Background#
animal-soup uses a series of convolutional neural networks (CNNs) in order to perform automated animal behavior classification of the Hantman Lab reach-to-grab task.
Note
The animal-soup architecture was adopted from DeepEthogram.
You can find their eLife paper here and their GitHub repo here.
There are three main model components: a flow generator, feature extractor, and sequence model.
Flow Generator#
The flow generator is a CNN that calculates optic flow. It takes a given window size (default 11) and creates “clips” to generate optic flow features. Optic flow features summarize the motion across frames and can be used in determining the behavior at a given time point of a trial.
There are three different flow generator models that can be used: TinyMotionNet3D, MotionNet, and TinyMotionNet. Their corresponding modes are listed below:
mode |
model |
|---|---|
fast |
TinyMotionNet |
medium |
MotionNet |
slow |
TinyMotionNet3D |
The primary difference between the models is the number of layers. As a result, there is higher accuracy but at the consequence of speed.
Feature Extractor#
The feature extractor is a two-stream fused model that extracts the relevant features in each frame.
The model consists of a flow and spatial classifier.
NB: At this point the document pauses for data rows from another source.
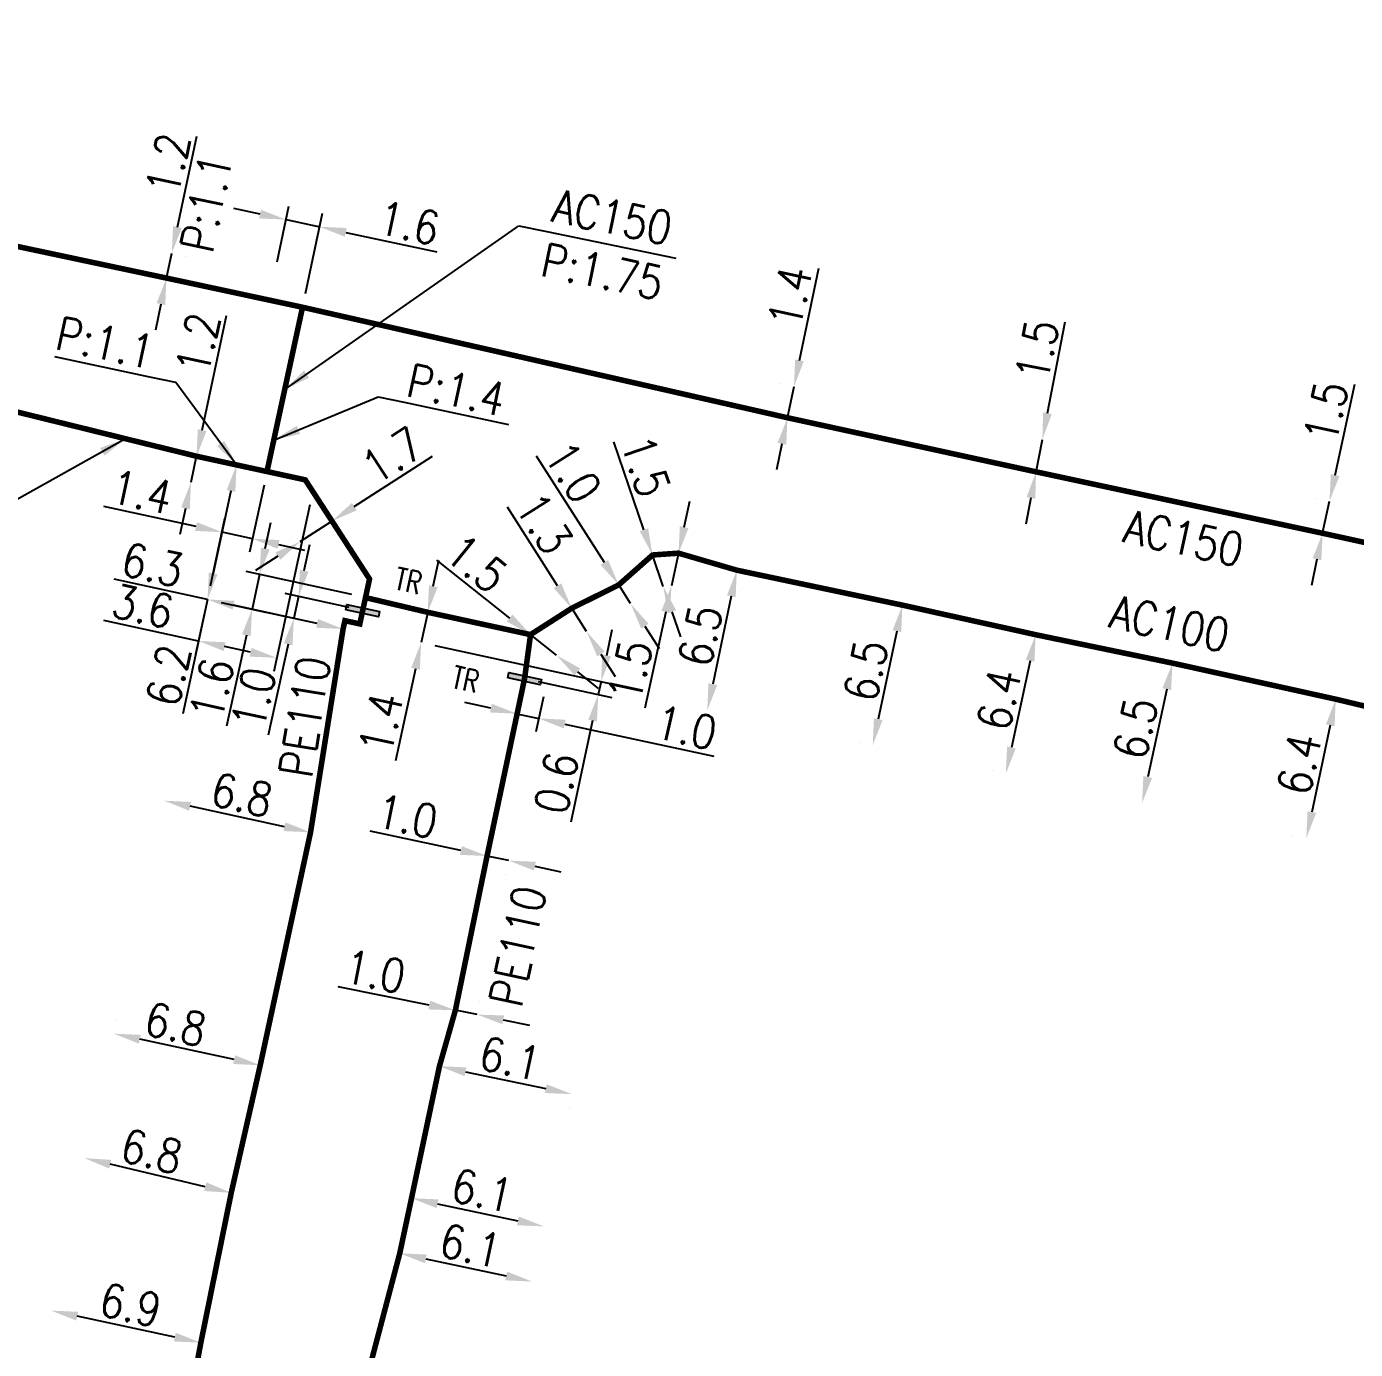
# Model space of a CAD drawing. Header units: millimetres. Extents: x 155997 to 157006, y 121209 to 122008.
# Drawn here: x 156047.7 to 156107.5, y 121793.4 to 121853 of the extents above; entities that cross this region are included whole.
import ezdxf
from ezdxf.enums import TextEntityAlignment as Align

# ---------------------------------------------------------------- set-up
doc = ezdxf.new("R2010")
doc.units = ezdxf.units.MM
doc.linetypes.add('L_25_AP', pattern=[2000, 1000, 1000])
doc.linetypes.add('L_25_PE', pattern=[2000, 1000, 1000])
doc.layers.get('0').update_dxf_attribs({"linetype": 'CONTINUOUS'})
doc.layers.add('L_150', color=1, linetype='CONTINUOUS')
doc.layers.add('L_340', color=7, linetype='CONTINUOUS')
doc.styles.get("Standard").update_dxf_attribs({"font": 'romans.shx', "width": 0.85})
doc.dimstyles.get("Standard").update_dxf_attribs({"dimtxt": 1.5, "dimasz": 1.2, "dimexe": 0.625, "dimexo": 0.625, "dimgap": 0.25, "dimtad": 1, "dimdec": 1, "dimzin": 0, "dimdsep": 46, "dimtxsty": 'Standard', "dimcen": -0.5, "dimadec": 0, "dimazin": 0, "dimtfac": 1, "dimtdec": 1, "dimtmove": 0, "dimatfit": 3, "dimfxl": 0, "dimtolj": 1, "dimtzin": 0, "dimarcsym": 0})

# ---------------------------------------------------------------- blocks, each defined once
blk = doc.blocks.new('*D1057')
at = {"layer": 'L_150', "color": 0, "linetype": 'Continuous', "lineweight": -2, "transparency": 16777216}
for p, q in [((156054.47, 121843.964), (156055.344, 121848.061)), ((156053.979, 121841.666), (156054.219, 121842.791)), ((156054.831, 121842.66), (156054.831, 121842.66)), ((156053.729, 121840.492), (156053.478, 121839.319))]:
    blk.add_line(p, q, dxfattribs=at)
at = {"layer": 'L_150', "color": 0, "linetype": 'Continuous', "transparency": 16777216}
for points in [[(156054.274, 121844.006), (156054.665, 121843.922), (156054.219, 121842.791)], [(156053.533, 121840.534), (156053.924, 121840.451), (156053.979, 121841.666)]]:
    blk.add_solid(points, dxfattribs=at)
at = {"layer": 'L_150', "color": 0, "linetype": 'Continuous', "transparency": 16777216, "insert": (156054.054, 121846.808), "char_height": 1.5, "attachment_point": 5, "rotation": 77.95066}
blk.add_mtext('\\A1;1.2', dxfattribs=at)
blk = doc.blocks.new('*D1059')
at = {"layer": 'L_150', "color": 0, "linetype": 'Continuous', "lineweight": -2, "transparency": 16777216}
for p, q in [((156058.193, 121844.551), (156057.02, 121844.801)), ((156058.961, 121842.399), (156059.497, 121844.911)), ((156059.367, 121844.3), (156060.883, 121843.977)), ((156060.239, 121840.964), (156061.013, 121844.588)), ((156062.056, 121843.726), (156066.153, 121842.852))]:
    blk.add_line(p, q, dxfattribs=at)
at = {"layer": 'L_150', "color": 0, "linetype": 'Continuous', "transparency": 16777216}
for points in [[(156058.235, 121844.746), (156058.151, 121844.355), (156059.367, 121844.3)], [(156062.098, 121843.922), (156062.014, 121843.53), (156060.883, 121843.977)]]:
    blk.add_solid(points, dxfattribs=at)
at = {"layer": 'L_150', "color": 0, "linetype": 'Continuous', "transparency": 16777216, "insert": (156064.9, 121844.142), "char_height": 1.5, "attachment_point": 5, "rotation": 347.95126}
blk.add_mtext('\\A1;1.6', dxfattribs=at)
blk = doc.blocks.new('*D1075')
at = {"layer": 'L_150', "color": 0, "linetype": 'Continuous', "lineweight": -2, "transparency": 16777216}
for p, q in [((156106.045, 121822.823), (156106.045, 121822.823)), ((156106.408, 121821.52), (156105.579, 121817.607)), ((156104.719, 121816.562), (156104.719, 121816.562))]:
    blk.add_line(p, q, dxfattribs=at)
at = {"layer": 'L_150', "color": 0, "linetype": 'Continuous', "transparency": 16777216}
for points in [[(156106.212, 121821.561), (156106.603, 121821.479), (156106.656, 121822.694)], [(156105.384, 121817.648), (156105.775, 121817.565), (156105.331, 121816.433)]]:
    blk.add_solid(points, dxfattribs=at)
at = {"layer": 'L_150', "color": 0, "linetype": 'Continuous', "transparency": 16777216, "insert": (156105.015, 121819.771), "char_height": 1.5, "attachment_point": 5, "rotation": 78.04825}
blk.add_mtext('\\A1;6.4', dxfattribs=at)
blk = doc.blocks.new('*D1077')
at = {"layer": 'L_150', "color": 0, "linetype": 'Continuous', "lineweight": -2, "transparency": 16777216}
blk.add_line((156099.045, 121823.147), (156098.186, 121819.189), dxfattribs=at)
at = {"layer": 'L_150', "color": 0, "linetype": 'Continuous', "transparency": 16777216}
for points in [[(156098.85, 121823.189), (156099.241, 121823.104), (156099.3, 121824.319)], [(156097.991, 121819.231), (156098.382, 121819.146), (156097.932, 121818.016)]]:
    blk.add_solid(points, dxfattribs=at)
at = {"layer": 'L_150', "color": 0, "linetype": 'Continuous', "transparency": 16777216, "insert": (156097.638, 121821.38), "char_height": 1.5, "attachment_point": 5, "rotation": 77.75586}
blk.add_mtext('\\A1;6.5', dxfattribs=at)
blk = doc.blocks.new('*D1078')
at = {"layer": 'L_150', "color": 0, "linetype": 'Continuous', "lineweight": -2, "transparency": 16777216}
for p, q in [((156092.527, 121825.731), (156092.527, 121825.731)), ((156092.885, 121824.426), (156092.045, 121820.516)), ((156091.181, 121819.474), (156091.181, 121819.474))]:
    blk.add_line(p, q, dxfattribs=at)
at = {"layer": 'L_150', "color": 0, "linetype": 'Continuous', "transparency": 16777216}
for points in [[(156092.69, 121824.468), (156093.081, 121824.384), (156093.138, 121825.599)], [(156091.849, 121820.558), (156092.24, 121820.474), (156091.793, 121819.342)]]:
    blk.add_solid(points, dxfattribs=at)
at = {"layer": 'L_150', "color": 0, "linetype": 'Continuous', "transparency": 16777216, "insert": (156091.487, 121822.681), "char_height": 1.5, "attachment_point": 5, "rotation": 77.86652}
blk.add_mtext('\\A1;6.4', dxfattribs=at)
blk = doc.blocks.new('*D1079')
at = {"layer": 'L_150', "color": 0, "linetype": 'Continuous', "lineweight": -2, "transparency": 16777216}
for p, q in [((156086.522, 121827.061), (156086.522, 121827.061)), ((156086.885, 121825.757), (156086.047, 121821.795)), ((156085.187, 121820.75), (156085.187, 121820.75))]:
    blk.add_line(p, q, dxfattribs=at)
at = {"layer": 'L_150', "color": 0, "linetype": 'Continuous', "transparency": 16777216}
for points in [[(156086.69, 121825.799), (156087.081, 121825.716), (156087.134, 121826.931)], [(156085.851, 121821.836), (156086.242, 121821.754), (156085.798, 121820.621)]]:
    blk.add_solid(points, dxfattribs=at)
at = {"layer": 'L_150', "color": 0, "linetype": 'Continuous', "transparency": 16777216, "insert": (156085.488, 121823.983), "char_height": 1.5, "attachment_point": 5, "rotation": 78.04887}
blk.add_mtext('\\A1;6.5', dxfattribs=at)
blk = doc.blocks.new('*D1080')
at = {"layer": 'L_150', "color": 0, "linetype": 'Continuous', "lineweight": -2, "transparency": 16777216}
blk.add_line((156079.426, 121827.331), (156078.591, 121823.368), dxfattribs=at)
at = {"layer": 'L_150', "color": 0, "linetype": 'Continuous', "transparency": 16777216}
for points in [[(156079.23, 121827.373), (156079.621, 121827.29), (156079.673, 121828.506)], [(156078.395, 121823.41), (156078.787, 121823.327), (156078.344, 121822.194)]]:
    blk.add_solid(points, dxfattribs=at)
at = {"layer": 'L_150', "color": 0, "linetype": 'Continuous', "transparency": 16777216, "insert": (156078.03, 121825.556), "char_height": 1.5, "attachment_point": 5, "rotation": 78.10672}
blk.add_mtext('\\A1;6.5', dxfattribs=at)
blk = doc.blocks.new('*D1081')
at = {"layer": 'L_150', "color": 0, "linetype": 'Continuous', "lineweight": -2, "transparency": 16777216}
for p, q in [((156077.303, 121830.444), (156077.559, 121831.617)), ((156077.047, 121829.272), (156076.728, 121827.806)), ((156076.472, 121826.634), (156075.526, 121822.296))]:
    blk.add_line(p, q, dxfattribs=at)
at = {"layer": 'L_150', "color": 0, "linetype": 'Continuous', "transparency": 16777216}
for points in [[(156077.108, 121830.487), (156077.498, 121830.402), (156077.047, 121829.272)], [(156076.277, 121826.677), (156076.668, 121826.591), (156076.728, 121827.806)]]:
    blk.add_solid(points, dxfattribs=at)
at = {"layer": 'L_150', "color": 0, "linetype": 'Continuous', "transparency": 16777216, "insert": (156074.868, 121823.97), "char_height": 1.5, "attachment_point": 5, "rotation": 77.69946}
blk.add_mtext('\\A1;1.5', dxfattribs=at)
blk = doc.blocks.new('*D1082')
at = {"layer": 'L_150', "color": 0, "linetype": 'Continuous', "lineweight": -2, "transparency": 16777216}
for p, q in [((156073.707, 121828.854), (156070.655, 121833.649)), ((156074.888, 121826.998), (156074.352, 121827.842)), ((156075.533, 121825.986), (156076.177, 121824.973))]:
    blk.add_line(p, q, dxfattribs=at)
at = {"layer": 'L_150', "color": 0, "linetype": 'Continuous', "transparency": 16777216}
for points in [[(156073.876, 121828.961), (156073.538, 121828.747), (156074.352, 121827.842)], [(156075.701, 121826.093), (156075.364, 121825.878), (156074.888, 121826.998)]]:
    blk.add_solid(points, dxfattribs=at)
at = {"layer": 'L_150', "color": 0, "linetype": 'Continuous', "transparency": 16777216, "insert": (156072.301, 121832.925), "char_height": 1.5, "attachment_point": 5, "rotation": 302.47509}
blk.add_mtext('\\A1;1.0', dxfattribs=at)
blk = doc.blocks.new('*D1083')
at = {"layer": 'L_150', "color": 0, "linetype": 'Continuous', "lineweight": -2, "transparency": 16777216}
for p, q in [((156055.587, 121834.813), (156056.69, 121839.973)), ((156055.085, 121832.466), (156055.336, 121833.639)), ((156054.834, 121831.292), (156054.583, 121830.119))]:
    blk.add_line(p, q, dxfattribs=at)
at = {"layer": 'L_150', "color": 0, "linetype": 'Continuous', "transparency": 16777216}
for points in [[(156055.391, 121834.855), (156055.782, 121834.771), (156055.336, 121833.639)], [(156054.638, 121831.334), (156055.03, 121831.251), (156055.085, 121832.466)]]:
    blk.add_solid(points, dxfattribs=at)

The flow classifier takes in optic flow features from a flow generator and the spatial classifier takes in individual raw frames. The results of these two classifiers is a lower dimensional representation of the features in a given trial.
The type of flow and spatial classifiers constructed are based on the ResNet models listed below:
mode |
feature model |
|---|---|
slow |
ResNet3D-34 |
medium |
ResNet50 |
fast |
ResNet18 |
Again, the primary difference between the models is the number of layers which introduces the same accuracy versus speed dilemma as above.
Sequence Model#
The sequence model is a TGMJ model. This is a type of Temporal Gaussian Mixture model that is used for activity detection across a series of sequences from a trial. This model allows for long-term learning over a temporal period.
The model takes in the spatial and flow features extracted by the feature extractor and seeks to give the probabilities of a given behavior occurring at each time point. These probabilities can be used to then create a binary matrix (number of behaviors, number of time points) called an ethogram that represents the behavioral classification of a given trial.